Aim of the task:
Every entry, from first to last, is to be written out exactly.

─── Data extracts

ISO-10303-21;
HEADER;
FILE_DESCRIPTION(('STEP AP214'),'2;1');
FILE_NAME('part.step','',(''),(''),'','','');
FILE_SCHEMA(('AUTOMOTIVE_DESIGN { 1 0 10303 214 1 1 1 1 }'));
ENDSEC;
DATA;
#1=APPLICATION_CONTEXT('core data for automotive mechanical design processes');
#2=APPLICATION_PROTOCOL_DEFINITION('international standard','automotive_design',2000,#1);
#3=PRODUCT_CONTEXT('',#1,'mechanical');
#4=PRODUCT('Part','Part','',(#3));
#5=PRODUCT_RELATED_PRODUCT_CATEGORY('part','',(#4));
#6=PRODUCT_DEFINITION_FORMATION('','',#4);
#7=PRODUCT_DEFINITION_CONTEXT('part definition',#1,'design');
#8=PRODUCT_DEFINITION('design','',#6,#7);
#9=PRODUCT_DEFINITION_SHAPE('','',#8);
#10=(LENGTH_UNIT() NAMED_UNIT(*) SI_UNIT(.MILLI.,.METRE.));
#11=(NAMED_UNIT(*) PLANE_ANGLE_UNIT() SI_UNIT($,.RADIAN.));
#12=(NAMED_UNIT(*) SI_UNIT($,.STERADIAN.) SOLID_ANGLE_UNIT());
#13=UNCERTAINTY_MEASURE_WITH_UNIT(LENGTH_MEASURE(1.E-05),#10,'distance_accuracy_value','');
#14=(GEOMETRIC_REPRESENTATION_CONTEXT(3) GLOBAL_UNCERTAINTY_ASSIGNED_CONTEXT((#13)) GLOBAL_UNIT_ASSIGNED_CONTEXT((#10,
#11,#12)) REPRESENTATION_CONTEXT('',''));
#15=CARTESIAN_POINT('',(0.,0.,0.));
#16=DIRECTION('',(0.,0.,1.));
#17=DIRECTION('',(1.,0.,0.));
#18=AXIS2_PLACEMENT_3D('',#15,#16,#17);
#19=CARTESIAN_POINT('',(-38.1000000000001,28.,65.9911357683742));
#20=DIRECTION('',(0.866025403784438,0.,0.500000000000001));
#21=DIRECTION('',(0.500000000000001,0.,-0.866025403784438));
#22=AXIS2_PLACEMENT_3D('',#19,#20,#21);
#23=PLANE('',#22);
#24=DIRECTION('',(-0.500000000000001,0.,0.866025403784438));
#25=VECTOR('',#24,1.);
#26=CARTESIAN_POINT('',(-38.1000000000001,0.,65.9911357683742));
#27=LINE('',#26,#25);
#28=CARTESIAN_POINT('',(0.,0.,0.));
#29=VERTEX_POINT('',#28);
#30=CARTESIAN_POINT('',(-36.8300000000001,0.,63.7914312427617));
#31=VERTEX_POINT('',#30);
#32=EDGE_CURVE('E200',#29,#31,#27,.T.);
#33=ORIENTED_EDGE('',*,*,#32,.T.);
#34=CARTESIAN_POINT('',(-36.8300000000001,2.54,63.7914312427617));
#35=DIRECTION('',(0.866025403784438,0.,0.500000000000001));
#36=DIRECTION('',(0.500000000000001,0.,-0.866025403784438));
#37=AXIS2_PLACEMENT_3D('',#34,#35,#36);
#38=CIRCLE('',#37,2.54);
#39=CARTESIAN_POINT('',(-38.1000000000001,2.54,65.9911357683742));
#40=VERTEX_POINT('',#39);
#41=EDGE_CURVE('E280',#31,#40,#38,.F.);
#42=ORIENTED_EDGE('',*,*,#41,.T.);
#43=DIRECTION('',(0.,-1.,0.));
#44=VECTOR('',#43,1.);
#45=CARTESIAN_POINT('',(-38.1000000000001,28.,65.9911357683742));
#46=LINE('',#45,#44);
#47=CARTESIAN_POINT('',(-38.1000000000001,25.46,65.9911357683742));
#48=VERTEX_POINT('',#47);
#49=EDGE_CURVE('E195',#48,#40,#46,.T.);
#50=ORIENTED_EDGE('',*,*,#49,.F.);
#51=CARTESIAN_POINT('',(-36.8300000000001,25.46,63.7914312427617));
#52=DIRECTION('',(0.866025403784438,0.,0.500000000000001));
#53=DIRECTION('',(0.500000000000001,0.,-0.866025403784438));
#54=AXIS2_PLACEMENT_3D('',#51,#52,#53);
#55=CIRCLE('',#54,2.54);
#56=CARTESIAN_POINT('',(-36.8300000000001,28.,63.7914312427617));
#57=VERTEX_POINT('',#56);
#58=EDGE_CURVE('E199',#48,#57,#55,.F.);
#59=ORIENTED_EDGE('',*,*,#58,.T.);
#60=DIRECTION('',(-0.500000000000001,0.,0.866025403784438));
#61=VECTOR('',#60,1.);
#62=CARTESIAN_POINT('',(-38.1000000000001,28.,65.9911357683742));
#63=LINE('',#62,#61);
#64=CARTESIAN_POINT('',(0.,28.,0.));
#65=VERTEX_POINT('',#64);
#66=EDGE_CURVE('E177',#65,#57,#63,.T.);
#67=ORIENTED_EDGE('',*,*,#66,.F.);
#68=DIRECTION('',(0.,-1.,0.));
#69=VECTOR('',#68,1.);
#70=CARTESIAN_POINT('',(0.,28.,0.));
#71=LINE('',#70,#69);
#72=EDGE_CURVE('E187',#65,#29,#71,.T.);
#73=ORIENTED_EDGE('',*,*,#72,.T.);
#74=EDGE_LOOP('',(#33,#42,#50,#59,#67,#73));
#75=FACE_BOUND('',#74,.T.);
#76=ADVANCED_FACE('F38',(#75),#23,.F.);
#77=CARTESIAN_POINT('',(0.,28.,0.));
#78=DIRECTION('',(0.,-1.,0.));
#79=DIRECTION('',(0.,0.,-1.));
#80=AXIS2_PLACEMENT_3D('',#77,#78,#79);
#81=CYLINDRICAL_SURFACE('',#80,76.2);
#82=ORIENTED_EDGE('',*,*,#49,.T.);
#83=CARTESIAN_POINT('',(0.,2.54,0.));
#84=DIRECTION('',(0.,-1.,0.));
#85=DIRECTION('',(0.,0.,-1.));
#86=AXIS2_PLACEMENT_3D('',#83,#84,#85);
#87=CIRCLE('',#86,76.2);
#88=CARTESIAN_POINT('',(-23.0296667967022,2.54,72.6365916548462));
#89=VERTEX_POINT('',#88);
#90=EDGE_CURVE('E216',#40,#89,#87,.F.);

──────

Output below:
ISO-10303-21;
HEADER;
FILE_DESCRIPTION(('STEP AP214'),'2;1');
FILE_NAME('part.step','',(''),(''),'','','');
FILE_SCHEMA(('AUTOMOTIVE_DESIGN { 1 0 10303 214 1 1 1 1 }'));
ENDSEC;
DATA;
#1=APPLICATION_CONTEXT('core data for automotive mechanical design processes');
#2=APPLICATION_PROTOCOL_DEFINITION('international standard','automotive_design',2000,#1);
#3=PRODUCT_CONTEXT('',#1,'mechanical');
#4=PRODUCT('Part','Part','',(#3));
#5=PRODUCT_RELATED_PRODUCT_CATEGORY('part','',(#4));
#6=PRODUCT_DEFINITION_FORMATION('','',#4);
#7=PRODUCT_DEFINITION_CONTEXT('part definition',#1,'design');
#8=PRODUCT_DEFINITION('design','',#6,#7);
#9=PRODUCT_DEFINITION_SHAPE('','',#8);
#10=(LENGTH_UNIT() NAMED_UNIT(*) SI_UNIT(.MILLI.,.METRE.));
#11=(NAMED_UNIT(*) PLANE_ANGLE_UNIT() SI_UNIT($,.RADIAN.));
#12=(NAMED_UNIT(*) SI_UNIT($,.STERADIAN.) SOLID_ANGLE_UNIT());
#13=UNCERTAINTY_MEASURE_WITH_UNIT(LENGTH_MEASURE(1.E-05),#10,'distance_accuracy_value','');
#14=(GEOMETRIC_REPRESENTATION_CONTEXT(3) GLOBAL_UNCERTAINTY_ASSIGNED_CONTEXT((#13)) GLOBAL_UNIT_ASSIGNED_CONTEXT((#10,
#11,#12)) REPRESENTATION_CONTEXT('',''));
#15=CARTESIAN_POINT('',(0.,0.,0.));
#16=DIRECTION('',(0.,0.,1.));
#17=DIRECTION('',(1.,0.,0.));
#18=AXIS2_PLACEMENT_3D('',#15,#16,#17);
#19=CARTESIAN_POINT('',(-38.1000000000001,28.,65.9911357683742));
#20=DIRECTION('',(0.866025403784438,0.,0.500000000000001));
#21=DIRECTION('',(0.500000000000001,0.,-0.866025403784438));
#22=AXIS2_PLACEMENT_3D('',#19,#20,#21);
#23=PLANE('',#22);
#24=DIRECTION('',(-0.500000000000001,0.,0.866025403784438));
#25=VECTOR('',#24,1.);
#26=CARTESIAN_POINT('',(-38.1000000000001,0.,65.9911357683742));
#27=LINE('',#26,#25);
#28=CARTESIAN_POINT('',(0.,0.,0.));
#29=VERTEX_POINT('',#28);
#30=CARTESIAN_POINT('',(-36.8300000000001,0.,63.7914312427617));
#31=VERTEX_POINT('',#30);
#32=EDGE_CURVE('E200',#29,#31,#27,.T.);
#33=ORIENTED_EDGE('',*,*,#32,.T.);
#34=CARTESIAN_POINT('',(-36.8300000000001,2.54,63.7914312427617));
#35=DIRECTION('',(0.866025403784438,0.,0.500000000000001));
#36=DIRECTION('',(0.500000000000001,0.,-0.866025403784438));
#37=AXIS2_PLACEMENT_3D('',#34,#35,#36);
#38=CIRCLE('',#37,2.54);
#39=CARTESIAN_POINT('',(-38.1000000000001,2.54,65.9911357683742));
#40=VERTEX_POINT('',#39);
#41=EDGE_CURVE('E280',#31,#40,#38,.F.);
#42=ORIENTED_EDGE('',*,*,#41,.T.);
#43=DIRECTION('',(0.,-1.,0.));
#44=VECTOR('',#43,1.);
#45=CARTESIAN_POINT('',(-38.1000000000001,28.,65.9911357683742));
#46=LINE('',#45,#44);
#47=CARTESIAN_POINT('',(-38.1000000000001,25.46,65.9911357683742));
#48=VERTEX_POINT('',#47);
#49=EDGE_CURVE('E195',#48,#40,#46,.T.);
#50=ORIENTED_EDGE('',*,*,#49,.F.);
#51=CARTESIAN_POINT('',(-36.8300000000001,25.46,63.7914312427617));
#52=DIRECTION('',(0.866025403784438,0.,0.500000000000001));
#53=DIRECTION('',(0.500000000000001,0.,-0.866025403784438));
#54=AXIS2_PLACEMENT_3D('',#51,#52,#53);
#55=CIRCLE('',#54,2.54);
#56=CARTESIAN_POINT('',(-36.8300000000001,28.,63.7914312427617));
#57=VERTEX_POINT('',#56);
#58=EDGE_CURVE('E199',#48,#57,#55,.F.);
#59=ORIENTED_EDGE('',*,*,#58,.T.);
#60=DIRECTION('',(-0.500000000000001,0.,0.866025403784438));
#61=VECTOR('',#60,1.);
#62=CARTESIAN_POINT('',(-38.1000000000001,28.,65.9911357683742));
#63=LINE('',#62,#61);
#64=CARTESIAN_POINT('',(0.,28.,0.));
#65=VERTEX_POINT('',#64);
#66=EDGE_CURVE('E177',#65,#57,#63,.T.);
#67=ORIENTED_EDGE('',*,*,#66,.F.);
#68=DIRECTION('',(0.,-1.,0.));
#69=VECTOR('',#68,1.);
#70=CARTESIAN_POINT('',(0.,28.,0.));
#71=LINE('',#70,#69);
#72=EDGE_CURVE('E187',#65,#29,#71,.T.);
#73=ORIENTED_EDGE('',*,*,#72,.T.);
#74=EDGE_LOOP('',(#33,#42,#50,#59,#67,#73));
#75=FACE_BOUND('',#74,.T.);
#76=ADVANCED_FACE('F38',(#75),#23,.F.);
#77=CARTESIAN_POINT('',(0.,28.,0.));
#78=DIRECTION('',(0.,-1.,0.));
#79=DIRECTION('',(0.,0.,-1.));
#80=AXIS2_PLACEMENT_3D('',#77,#78,#79);
#81=CYLINDRICAL_SURFACE('',#80,76.2);
#82=ORIENTED_EDGE('',*,*,#49,.T.);
#83=CARTESIAN_POINT('',(0.,2.54,0.));
#84=DIRECTION('',(0.,-1.,0.));
#85=DIRECTION('',(0.,0.,-1.));
#86=AXIS2_PLACEMENT_3D('',#83,#84,#85);
#87=CIRCLE('',#86,76.2);
#88=CARTESIAN_POINT('',(-23.0296667967022,2.54,72.6365916548462));
#89=VERTEX_POINT('',#88);
#90=EDGE_CURVE('E216',#40,#89,#87,.F.);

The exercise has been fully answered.